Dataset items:
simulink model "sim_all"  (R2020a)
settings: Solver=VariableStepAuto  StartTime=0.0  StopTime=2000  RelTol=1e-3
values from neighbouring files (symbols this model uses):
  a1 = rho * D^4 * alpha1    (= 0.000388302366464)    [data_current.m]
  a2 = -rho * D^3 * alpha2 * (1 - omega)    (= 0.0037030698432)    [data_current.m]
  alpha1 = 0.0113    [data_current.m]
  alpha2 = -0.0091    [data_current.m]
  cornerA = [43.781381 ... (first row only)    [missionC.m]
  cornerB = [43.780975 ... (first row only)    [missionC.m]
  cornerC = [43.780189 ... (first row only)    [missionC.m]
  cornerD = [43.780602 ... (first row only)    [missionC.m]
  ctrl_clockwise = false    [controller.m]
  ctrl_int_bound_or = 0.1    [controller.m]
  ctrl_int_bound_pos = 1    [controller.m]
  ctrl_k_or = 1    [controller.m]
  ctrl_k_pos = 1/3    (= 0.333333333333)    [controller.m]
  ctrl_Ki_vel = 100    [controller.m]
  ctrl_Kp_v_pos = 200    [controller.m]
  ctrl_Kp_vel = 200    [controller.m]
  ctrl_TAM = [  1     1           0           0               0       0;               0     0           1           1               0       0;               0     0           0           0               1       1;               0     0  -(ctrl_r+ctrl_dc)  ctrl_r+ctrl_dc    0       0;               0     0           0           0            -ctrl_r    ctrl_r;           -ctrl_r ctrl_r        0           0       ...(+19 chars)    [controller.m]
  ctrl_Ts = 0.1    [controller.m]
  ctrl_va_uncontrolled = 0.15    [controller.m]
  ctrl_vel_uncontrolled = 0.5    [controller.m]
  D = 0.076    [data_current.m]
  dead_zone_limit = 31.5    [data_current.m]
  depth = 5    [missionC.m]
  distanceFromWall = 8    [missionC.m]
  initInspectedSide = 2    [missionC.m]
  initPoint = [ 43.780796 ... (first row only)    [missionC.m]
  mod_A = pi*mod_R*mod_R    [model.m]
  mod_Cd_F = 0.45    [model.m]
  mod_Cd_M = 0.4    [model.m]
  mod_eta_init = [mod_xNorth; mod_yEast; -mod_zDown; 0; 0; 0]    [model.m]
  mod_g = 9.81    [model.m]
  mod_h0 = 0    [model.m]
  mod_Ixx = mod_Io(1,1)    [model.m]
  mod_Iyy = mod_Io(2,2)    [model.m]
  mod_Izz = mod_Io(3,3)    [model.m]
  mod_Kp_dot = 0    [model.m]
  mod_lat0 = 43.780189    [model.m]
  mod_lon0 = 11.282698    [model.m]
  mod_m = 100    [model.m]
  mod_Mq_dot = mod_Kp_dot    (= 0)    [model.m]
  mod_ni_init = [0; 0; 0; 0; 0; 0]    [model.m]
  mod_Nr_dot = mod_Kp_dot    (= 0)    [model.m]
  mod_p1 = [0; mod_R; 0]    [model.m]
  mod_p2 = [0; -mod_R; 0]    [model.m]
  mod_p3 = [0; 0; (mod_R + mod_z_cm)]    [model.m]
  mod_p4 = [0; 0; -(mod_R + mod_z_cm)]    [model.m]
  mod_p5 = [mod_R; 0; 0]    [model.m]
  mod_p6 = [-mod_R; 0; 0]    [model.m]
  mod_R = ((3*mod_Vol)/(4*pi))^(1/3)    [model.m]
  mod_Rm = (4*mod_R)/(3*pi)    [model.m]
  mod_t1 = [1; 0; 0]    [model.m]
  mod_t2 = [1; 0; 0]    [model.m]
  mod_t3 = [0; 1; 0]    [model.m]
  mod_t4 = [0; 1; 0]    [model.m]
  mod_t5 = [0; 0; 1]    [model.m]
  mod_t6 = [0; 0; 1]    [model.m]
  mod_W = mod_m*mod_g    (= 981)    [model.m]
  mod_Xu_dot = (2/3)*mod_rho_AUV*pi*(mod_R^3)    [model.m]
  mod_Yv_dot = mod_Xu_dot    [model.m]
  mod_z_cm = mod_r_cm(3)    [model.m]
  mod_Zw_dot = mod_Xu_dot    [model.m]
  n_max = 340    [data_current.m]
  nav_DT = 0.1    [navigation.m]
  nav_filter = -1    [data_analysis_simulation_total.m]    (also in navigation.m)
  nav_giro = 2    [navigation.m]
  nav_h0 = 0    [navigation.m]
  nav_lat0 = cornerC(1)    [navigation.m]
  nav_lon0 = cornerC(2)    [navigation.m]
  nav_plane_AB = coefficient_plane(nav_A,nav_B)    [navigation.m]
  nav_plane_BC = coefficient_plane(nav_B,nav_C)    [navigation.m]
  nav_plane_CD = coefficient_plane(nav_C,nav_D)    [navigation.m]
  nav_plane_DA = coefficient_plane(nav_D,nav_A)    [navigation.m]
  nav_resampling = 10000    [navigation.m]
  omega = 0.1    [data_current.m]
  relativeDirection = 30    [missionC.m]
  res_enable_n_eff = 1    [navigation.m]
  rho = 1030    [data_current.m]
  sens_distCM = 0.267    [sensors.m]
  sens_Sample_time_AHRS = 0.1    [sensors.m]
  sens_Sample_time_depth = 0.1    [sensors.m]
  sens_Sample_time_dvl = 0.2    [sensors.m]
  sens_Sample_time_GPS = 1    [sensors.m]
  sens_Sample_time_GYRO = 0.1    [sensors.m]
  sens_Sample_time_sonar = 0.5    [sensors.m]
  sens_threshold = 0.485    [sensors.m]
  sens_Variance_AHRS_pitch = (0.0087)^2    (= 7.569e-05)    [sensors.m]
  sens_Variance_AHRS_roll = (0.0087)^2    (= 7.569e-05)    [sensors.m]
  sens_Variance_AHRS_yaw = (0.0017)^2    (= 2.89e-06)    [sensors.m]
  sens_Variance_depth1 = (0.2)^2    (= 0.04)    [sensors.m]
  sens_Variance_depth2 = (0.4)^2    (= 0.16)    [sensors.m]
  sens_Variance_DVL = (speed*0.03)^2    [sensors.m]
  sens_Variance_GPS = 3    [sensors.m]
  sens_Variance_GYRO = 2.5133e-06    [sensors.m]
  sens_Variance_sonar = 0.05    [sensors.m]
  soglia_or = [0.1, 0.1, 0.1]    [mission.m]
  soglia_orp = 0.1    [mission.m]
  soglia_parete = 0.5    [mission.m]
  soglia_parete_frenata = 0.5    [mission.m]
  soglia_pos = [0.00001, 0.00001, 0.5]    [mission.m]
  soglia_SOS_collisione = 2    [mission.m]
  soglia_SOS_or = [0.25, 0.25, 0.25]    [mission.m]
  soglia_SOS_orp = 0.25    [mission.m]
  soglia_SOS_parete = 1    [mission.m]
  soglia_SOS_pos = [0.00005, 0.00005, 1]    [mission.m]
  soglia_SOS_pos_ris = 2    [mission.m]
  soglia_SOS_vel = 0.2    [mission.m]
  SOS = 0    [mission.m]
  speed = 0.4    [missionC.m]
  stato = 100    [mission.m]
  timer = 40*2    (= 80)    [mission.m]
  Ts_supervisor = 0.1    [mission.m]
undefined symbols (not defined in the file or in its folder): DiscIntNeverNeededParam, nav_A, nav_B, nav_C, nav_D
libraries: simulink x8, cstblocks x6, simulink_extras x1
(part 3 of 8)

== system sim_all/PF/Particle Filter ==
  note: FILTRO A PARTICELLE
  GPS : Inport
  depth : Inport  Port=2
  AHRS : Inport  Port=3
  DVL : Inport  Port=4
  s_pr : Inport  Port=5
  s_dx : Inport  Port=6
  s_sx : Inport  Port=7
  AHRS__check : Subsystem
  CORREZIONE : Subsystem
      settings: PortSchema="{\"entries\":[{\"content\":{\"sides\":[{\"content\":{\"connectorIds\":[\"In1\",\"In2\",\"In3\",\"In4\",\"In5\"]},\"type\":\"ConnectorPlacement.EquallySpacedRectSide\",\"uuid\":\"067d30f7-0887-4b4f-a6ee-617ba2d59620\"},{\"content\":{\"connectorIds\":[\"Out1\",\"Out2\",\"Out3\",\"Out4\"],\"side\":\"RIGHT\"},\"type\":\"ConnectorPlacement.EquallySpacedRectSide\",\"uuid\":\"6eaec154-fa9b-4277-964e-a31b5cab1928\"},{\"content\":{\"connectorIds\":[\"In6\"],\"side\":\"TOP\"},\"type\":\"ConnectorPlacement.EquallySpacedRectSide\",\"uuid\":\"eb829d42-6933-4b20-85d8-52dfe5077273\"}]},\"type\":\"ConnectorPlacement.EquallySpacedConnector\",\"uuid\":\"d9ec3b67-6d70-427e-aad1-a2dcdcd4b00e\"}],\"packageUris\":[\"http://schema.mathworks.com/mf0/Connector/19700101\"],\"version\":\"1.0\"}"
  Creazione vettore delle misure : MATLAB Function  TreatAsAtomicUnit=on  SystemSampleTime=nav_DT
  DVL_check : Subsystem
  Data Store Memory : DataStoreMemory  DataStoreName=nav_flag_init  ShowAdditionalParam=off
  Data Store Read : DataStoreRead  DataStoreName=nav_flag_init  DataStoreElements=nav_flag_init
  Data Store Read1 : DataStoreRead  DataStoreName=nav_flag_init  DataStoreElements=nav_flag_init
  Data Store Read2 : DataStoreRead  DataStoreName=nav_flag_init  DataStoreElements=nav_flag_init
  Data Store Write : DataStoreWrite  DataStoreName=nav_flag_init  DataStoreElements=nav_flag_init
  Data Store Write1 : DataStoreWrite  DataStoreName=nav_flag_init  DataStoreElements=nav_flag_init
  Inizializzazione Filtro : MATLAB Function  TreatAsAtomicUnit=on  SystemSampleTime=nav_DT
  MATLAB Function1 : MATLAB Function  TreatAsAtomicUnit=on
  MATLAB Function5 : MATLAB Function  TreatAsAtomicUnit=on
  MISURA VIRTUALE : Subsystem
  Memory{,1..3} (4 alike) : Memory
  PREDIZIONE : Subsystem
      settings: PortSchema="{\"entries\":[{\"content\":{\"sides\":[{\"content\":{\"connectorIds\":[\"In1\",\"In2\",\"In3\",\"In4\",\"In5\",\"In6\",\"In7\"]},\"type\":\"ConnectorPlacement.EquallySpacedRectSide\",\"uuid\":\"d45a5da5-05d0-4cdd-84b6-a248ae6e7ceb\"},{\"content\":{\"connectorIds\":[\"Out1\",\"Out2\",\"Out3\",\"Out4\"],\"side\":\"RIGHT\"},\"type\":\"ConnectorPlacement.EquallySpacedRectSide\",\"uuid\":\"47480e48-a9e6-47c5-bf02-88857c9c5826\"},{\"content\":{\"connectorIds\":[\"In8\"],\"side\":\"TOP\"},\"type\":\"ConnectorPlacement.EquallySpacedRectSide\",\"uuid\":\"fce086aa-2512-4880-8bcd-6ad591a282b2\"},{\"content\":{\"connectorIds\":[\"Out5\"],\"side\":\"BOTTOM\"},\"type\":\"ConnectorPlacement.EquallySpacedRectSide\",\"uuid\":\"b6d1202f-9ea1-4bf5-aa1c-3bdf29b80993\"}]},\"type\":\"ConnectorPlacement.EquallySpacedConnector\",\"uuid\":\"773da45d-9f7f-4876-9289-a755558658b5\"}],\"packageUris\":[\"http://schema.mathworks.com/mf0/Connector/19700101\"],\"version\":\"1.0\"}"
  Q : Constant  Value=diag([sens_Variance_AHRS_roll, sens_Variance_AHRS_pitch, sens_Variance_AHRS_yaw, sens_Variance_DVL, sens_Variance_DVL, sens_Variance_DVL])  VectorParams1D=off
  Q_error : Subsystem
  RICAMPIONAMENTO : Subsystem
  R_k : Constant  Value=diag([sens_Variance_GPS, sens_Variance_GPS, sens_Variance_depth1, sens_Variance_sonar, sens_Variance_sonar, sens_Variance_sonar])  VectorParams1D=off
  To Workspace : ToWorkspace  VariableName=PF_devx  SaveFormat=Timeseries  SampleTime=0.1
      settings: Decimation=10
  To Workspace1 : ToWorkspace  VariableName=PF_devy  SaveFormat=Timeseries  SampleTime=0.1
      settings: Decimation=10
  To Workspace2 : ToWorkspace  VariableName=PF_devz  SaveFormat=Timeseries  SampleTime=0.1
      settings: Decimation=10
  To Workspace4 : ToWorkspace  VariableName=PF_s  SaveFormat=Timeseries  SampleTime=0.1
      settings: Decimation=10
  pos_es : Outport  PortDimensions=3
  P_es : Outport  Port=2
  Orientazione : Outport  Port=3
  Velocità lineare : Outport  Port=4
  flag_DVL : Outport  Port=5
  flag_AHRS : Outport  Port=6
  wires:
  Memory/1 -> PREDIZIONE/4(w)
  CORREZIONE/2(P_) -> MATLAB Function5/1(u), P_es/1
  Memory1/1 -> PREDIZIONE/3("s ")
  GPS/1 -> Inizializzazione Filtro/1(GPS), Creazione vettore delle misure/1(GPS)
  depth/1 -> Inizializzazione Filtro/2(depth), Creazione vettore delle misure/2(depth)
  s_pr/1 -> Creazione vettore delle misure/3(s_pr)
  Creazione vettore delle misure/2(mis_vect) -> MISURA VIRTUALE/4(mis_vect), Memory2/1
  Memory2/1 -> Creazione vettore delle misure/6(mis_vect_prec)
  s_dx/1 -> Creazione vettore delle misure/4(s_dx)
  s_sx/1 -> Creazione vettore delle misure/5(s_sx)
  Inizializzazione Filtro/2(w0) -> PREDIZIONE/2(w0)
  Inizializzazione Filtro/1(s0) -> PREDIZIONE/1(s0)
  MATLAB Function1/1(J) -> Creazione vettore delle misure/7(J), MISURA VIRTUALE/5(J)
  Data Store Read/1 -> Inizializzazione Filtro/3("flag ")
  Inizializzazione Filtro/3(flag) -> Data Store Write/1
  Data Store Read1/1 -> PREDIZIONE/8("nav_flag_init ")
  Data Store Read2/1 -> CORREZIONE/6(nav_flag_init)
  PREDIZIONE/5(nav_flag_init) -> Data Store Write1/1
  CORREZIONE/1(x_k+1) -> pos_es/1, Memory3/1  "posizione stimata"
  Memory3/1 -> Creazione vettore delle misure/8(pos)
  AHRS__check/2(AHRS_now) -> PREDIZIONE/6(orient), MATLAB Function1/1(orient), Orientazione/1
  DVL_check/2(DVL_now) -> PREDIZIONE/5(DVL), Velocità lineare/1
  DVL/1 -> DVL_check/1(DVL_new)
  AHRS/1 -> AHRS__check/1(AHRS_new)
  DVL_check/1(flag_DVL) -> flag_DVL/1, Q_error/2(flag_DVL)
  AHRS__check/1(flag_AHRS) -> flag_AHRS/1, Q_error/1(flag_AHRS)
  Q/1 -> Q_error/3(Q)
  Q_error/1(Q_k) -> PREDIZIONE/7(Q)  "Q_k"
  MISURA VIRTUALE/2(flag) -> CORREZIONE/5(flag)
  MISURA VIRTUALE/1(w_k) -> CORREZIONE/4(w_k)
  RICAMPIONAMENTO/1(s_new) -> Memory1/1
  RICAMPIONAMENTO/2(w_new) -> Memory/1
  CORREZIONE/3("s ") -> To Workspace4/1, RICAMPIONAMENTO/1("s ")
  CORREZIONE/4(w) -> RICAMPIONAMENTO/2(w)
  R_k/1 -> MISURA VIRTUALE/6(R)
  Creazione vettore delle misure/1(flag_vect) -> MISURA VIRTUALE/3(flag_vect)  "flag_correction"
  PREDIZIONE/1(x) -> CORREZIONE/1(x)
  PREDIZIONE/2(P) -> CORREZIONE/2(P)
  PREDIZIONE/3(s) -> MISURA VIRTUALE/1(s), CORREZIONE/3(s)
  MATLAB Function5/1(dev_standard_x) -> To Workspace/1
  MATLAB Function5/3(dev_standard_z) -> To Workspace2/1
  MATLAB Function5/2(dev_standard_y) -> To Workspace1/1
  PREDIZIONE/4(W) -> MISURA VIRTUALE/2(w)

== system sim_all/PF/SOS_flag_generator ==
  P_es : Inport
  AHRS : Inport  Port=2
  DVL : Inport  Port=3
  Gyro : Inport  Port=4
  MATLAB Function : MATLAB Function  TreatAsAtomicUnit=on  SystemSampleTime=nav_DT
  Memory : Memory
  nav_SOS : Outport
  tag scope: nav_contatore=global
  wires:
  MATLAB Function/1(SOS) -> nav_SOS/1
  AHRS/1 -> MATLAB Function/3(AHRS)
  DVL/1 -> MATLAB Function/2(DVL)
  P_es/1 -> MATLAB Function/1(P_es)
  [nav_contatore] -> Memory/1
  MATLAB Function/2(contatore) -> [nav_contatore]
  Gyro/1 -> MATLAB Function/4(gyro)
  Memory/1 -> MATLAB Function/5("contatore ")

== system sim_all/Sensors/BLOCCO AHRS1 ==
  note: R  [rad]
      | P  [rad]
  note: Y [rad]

# Exercise instructions:
Please reproduce, exactly as they appear above, the lines from the line containing "s_dx/1 -> Creazione" up to and including the line containing "RICAMPIONAMENTO/1(s_new) -> Memory1/1".

# Exercise output:
  s_dx/1 -> Creazione vettore delle misure/4(s_dx)
  s_sx/1 -> Creazione vettore delle misure/5(s_sx)
  Inizializzazione Filtro/2(w0) -> PREDIZIONE/2(w0)
  Inizializzazione Filtro/1(s0) -> PREDIZIONE/1(s0)
  MATLAB Function1/1(J) -> Creazione vettore delle misure/7(J), MISURA VIRTUALE/5(J)
  Data Store Read/1 -> Inizializzazione Filtro/3("flag ")
  Inizializzazione Filtro/3(flag) -> Data Store Write/1
  Data Store Read1/1 -> PREDIZIONE/8("nav_flag_init ")
  Data Store Read2/1 -> CORREZIONE/6(nav_flag_init)
  PREDIZIONE/5(nav_flag_init) -> Data Store Write1/1
  CORREZIONE/1(x_k+1) -> pos_es/1, Memory3/1  "posizione stimata"
  Memory3/1 -> Creazione vettore delle misure/8(pos)
  AHRS__check/2(AHRS_now) -> PREDIZIONE/6(orient), MATLAB Function1/1(orient), Orientazione/1
  DVL_check/2(DVL_now) -> PREDIZIONE/5(DVL), Velocità lineare/1
  DVL/1 -> DVL_check/1(DVL_new)
  AHRS/1 -> AHRS__check/1(AHRS_new)
  DVL_check/1(flag_DVL) -> flag_DVL/1, Q_error/2(flag_DVL)
  AHRS__check/1(flag_AHRS) -> flag_AHRS/1, Q_error/1(flag_AHRS)
  Q/1 -> Q_error/3(Q)
  Q_error/1(Q_k) -> PREDIZIONE/7(Q)  "Q_k"
  MISURA VIRTUALE/2(flag) -> CORREZIONE/5(flag)
  MISURA VIRTUALE/1(w_k) -> CORREZIONE/4(w_k)
  RICAMPIONAMENTO/1(s_new) -> Memory1/1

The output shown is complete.